The Municipality is an irregular rectangle circumscribed by the Meta River to the north, the Manacacias River and the Yucao River to the west, the Iteviare River to the south and a straight line to the East. It forms the extreme north-east of the Department of Meta, being the most distant Municipality from the departmental capital city Villavicencio.

=== Hydrography ===
Rivers Manacacias, Meta, Yucao, Planas, Muco, Guarrojo, Tillaba, and Uva.

=== Climate ===
Puerto Gaitán has a tropical monsoon climate (Köppen Am) in common with most of the Colombian Llanos.
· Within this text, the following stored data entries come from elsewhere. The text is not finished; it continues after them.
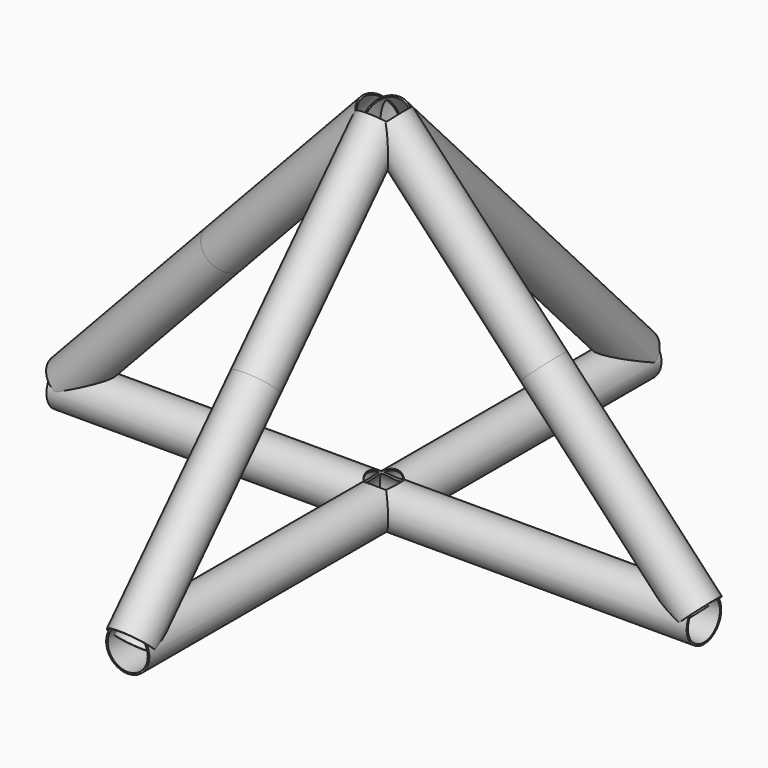
from build123d import *

# Parameters (mm, degrees)
F2_R           = 13.5
F2_R_2         = 12.5
F3_DEPTH       = 200
F3_DEPTH_BACK  = 200
F4_R           = 13.5
F4_R_2         = 12.5
F5_DEPTH       = 200
F5_DEPTH_BACK  = 200
F12_R          = 13.5
F12_R_2        = 12.5
F13_DEPTH      = 141.4
F13_DEPTH_BACK = 141.4
F14_R          = 13.5
F14_R_2        = 12.5
F15_DEPTH      = 141.4
F15_DEPTH_BACK = 141.4
F16_R          = 13.5
F16_R_2        = 12.5
F17_DEPTH      = 141.4
F17_DEPTH_BACK = 141.4
F18_R          = 13.5
F18_R_2        = 12.5
F19_DEPTH      = 141.4
F19_DEPTH_BACK = 141.4
F20_R          = 10
F21_DEPTH      = 50


# Not quite as in the source:
# - the program builds the solid bodies; features that only make, move or delete a surface that nothing else refers to are left out


with BuildPart() as f3:
    # F2 (on Front) → F3 (new body, two sides)
    with BuildSketch(Plane.XZ) as f3_sk:
        Circle(F2_R)
        Circle(F2_R_2, mode=Mode.SUBTRACT)
    extrude(amount=-F3_DEPTH)
    extrude(f3_sk.sketch, amount=F3_DEPTH_BACK)

    # F4 (on Right) → F5 (join, two sides)
    with BuildSketch(Plane.YZ) as f5_sk:
        Circle(F4_R)
        Circle(F4_R_2, mode=Mode.SUBTRACT)
    extrude(amount=F5_DEPTH)
    extrude(f5_sk.sketch, amount=-F5_DEPTH_BACK)

    # F12 (on line) → F13 (join, two sides)
    with BuildSketch(Plane(origin=(0, -6.1925362702, 6.5877968823), x_dir=(1, 0, 0), z_dir=(0, -0.6849104316, 0.7286272714))) as f13_sk:
        with Locations((0, 144.5252299309)):
            Circle(F12_R)
        with Locations((0, 144.5252299309)):
            Circle(F12_R_2, mode=Mode.SUBTRACT)
    extrude(amount=F13_DEPTH)
    extrude(f13_sk.sketch, amount=-F13_DEPTH_BACK)

    # F14 (on line) → F15 (join, two sides)
    with BuildSketch(Plane(origin=(6.6960868612, 0, 7.1613197136), x_dir=(0.7304348481, 0, -0.682982381), z_dir=(-0.682982381, 0, -0.7304348481))) as f15_sk:
        with Locations((-145.8499282598, 0)):
            Circle(F14_R)
        with Locations((-145.8499282598, 0)):
            Circle(F14_R_2, mode=Mode.SUBTRACT)
    extrude(amount=F15_DEPTH)
    extrude(f15_sk.sketch, amount=-F15_DEPTH_BACK)

    # F16 (on line) → F17 (join, two sides)
    with BuildSketch(Plane(origin=(-6.6447982018, 0, 7.1025389191), x_dir=(0.7302464024, 0, 0.6831838638), z_dir=(-0.6831838638, 0, 0.7302464024))) as f17_sk:
        with Locations((146.0631936789, 0)):
            Circle(F16_R)
        with Locations((146.0631936789, 0)):
            Circle(F16_R_2, mode=Mode.SUBTRACT)
    extrude(amount=F17_DEPTH)
    extrude(f17_sk.sketch, amount=-F17_DEPTH_BACK)

    # F18 (on line) → F19 (join, two sides)
    with BuildSketch(Plane(origin=(0, 6.3086895458, 6.719705981), x_dir=(1, 0, 0), z_dir=(0, -0.6844586379, -0.7290516944))) as f19_sk:
        with Locations((0, 145.9031552076)):
            Circle(F18_R)
        with Locations((0, 145.9031552076)):
            Circle(F18_R_2, mode=Mode.SUBTRACT)
    extrude(amount=F19_DEPTH)
    extrude(f19_sk.sketch, amount=-F19_DEPTH_BACK)

    # F20 (on Top) → F21 (cut)
    with BuildSketch(Plane.XY):
        Circle(F20_R)
    extrude(amount=F21_DEPTH, mode=Mode.SUBTRACT)


solid = f3.part

Temperatures are very warm to hot and oppressively humid throughout the year, although in the long wet season from March to November heavy cloud cover and rain does depress temperatures a little.

Climate data for Puerto Gaitán (Carimagua), elevation 200 m (660 ft), (1971–2000)
| Month | Jan | Feb | Mar | Apr | May | Jun | Jul | Aug | Sep | Oct | Nov | Dec | Year |
| Mean daily maximum °C (°F) | 32.5 (90.5) | 33.9 (93.0) | 33.6 (92.5) | 31.9 (89.4) | 30.7 (87.3) | 29.5 (85.1) | 29.4 (84.9) | 30.1 (86.2) | 30.7 (87.3) | 31.2 (88.2) | 31.1 (88.0) | 31.3 (88.3) | 31.3 (88.3) |
| Daily mean °C (°F) | 27.0 (80.6) | 27.8 (82.0) | 27.9 (82.2) | 26.5 (79.7) | 25.5 (77.9) | 24.8 (76.6) | 24.6 (76.3) | 24.9 (76.8) | 25.5 (77.9) | 25.9 (78.6) | 26.4 (79.5) | 26.5 (79.7) | 26.1 (79.0) |
| Mean daily minimum °C (°F) | 21.6 (70.9) | 22.2 (72.0) | 22.8 (73.0) | 22.8 (73.0) | 22.3 (72.1) | 22.1 (71.8) | 21.6 (70.9) | 21.7 (71.1) | 21.9 (71.4) | 22.3 (72.1) | 22.5 (72.5) | 22.0 (71.6) | 22.1 (71.8) |
| Average rainfall mm (inches) | 13.9 (0.55) | 45.6 (1.80) | 93.2 (3.67) | 244.5 (9.63) | 320.8 (12.63) | 397.5 (15.65) | 328.0 (12.91) | 255.2 (10.05) | 276.1 (10.87) | 245.1 (9.65) | 137.3 (5.41) | 50.5 (1.99) | 2,407.7 (94.79) |
| Average rainy days | 3 | 4 | 8 | 17 | 22 | 23 | 23 | 21 | 19 | 17 | 11 | 5 | 172 |
| Average relative humidity (%) | 71 | 68 | 72 | 81 | 86 | 88 | 87 | 86 | 85 | 83 | 81 | 77 | 80 |
| Mean monthly sunshine hours | 257.3 | 206.3 | 173.6 | 135.0 | 130.2 | 117.0 | 127.1 | 142.6 | 153.0 | 173.6 | 192.0 | 235.6 | 2,043.3 |
| Mean daily sunshine hours | 8.3 | 7.3 | 5.6 | 4.5 | 4.2 | 3.9 | 4.1 | 4.6 | 5.1 | 5.6 | 6.4 | 7.6 | 5.6 |
Source: Instituto de Hidrologia Meteorologia y Estudios Ambientales

== Political and administrative structure ==

=== Territorial organization ===
The municipality is made up of the neighborhoods of the municipal seat and the inspections of San Pedro de Arimena, Puente Arimena, San Miguel, El Porvenir, Tillaba, Puerto Trujillo, Planas, Rubiales, La Cristalina and Murujuy.

== Economy ==
The economic activities of the municipality are basically subscribed to livestock, medium-scale agriculture, trade and fishing is incipient and artisanal industry as well. Livestock occupies the first line in the Municipality in the economic sector. In Agriculture, corn, banana, cassava and African palm crops stand out. The practice of fishing also represents a very good source of income and in tourism.

The Rubiales oil field is the largest generator of resources for this Municipality, being approximately 90% of the annual budget, but it is a non-renewable resource.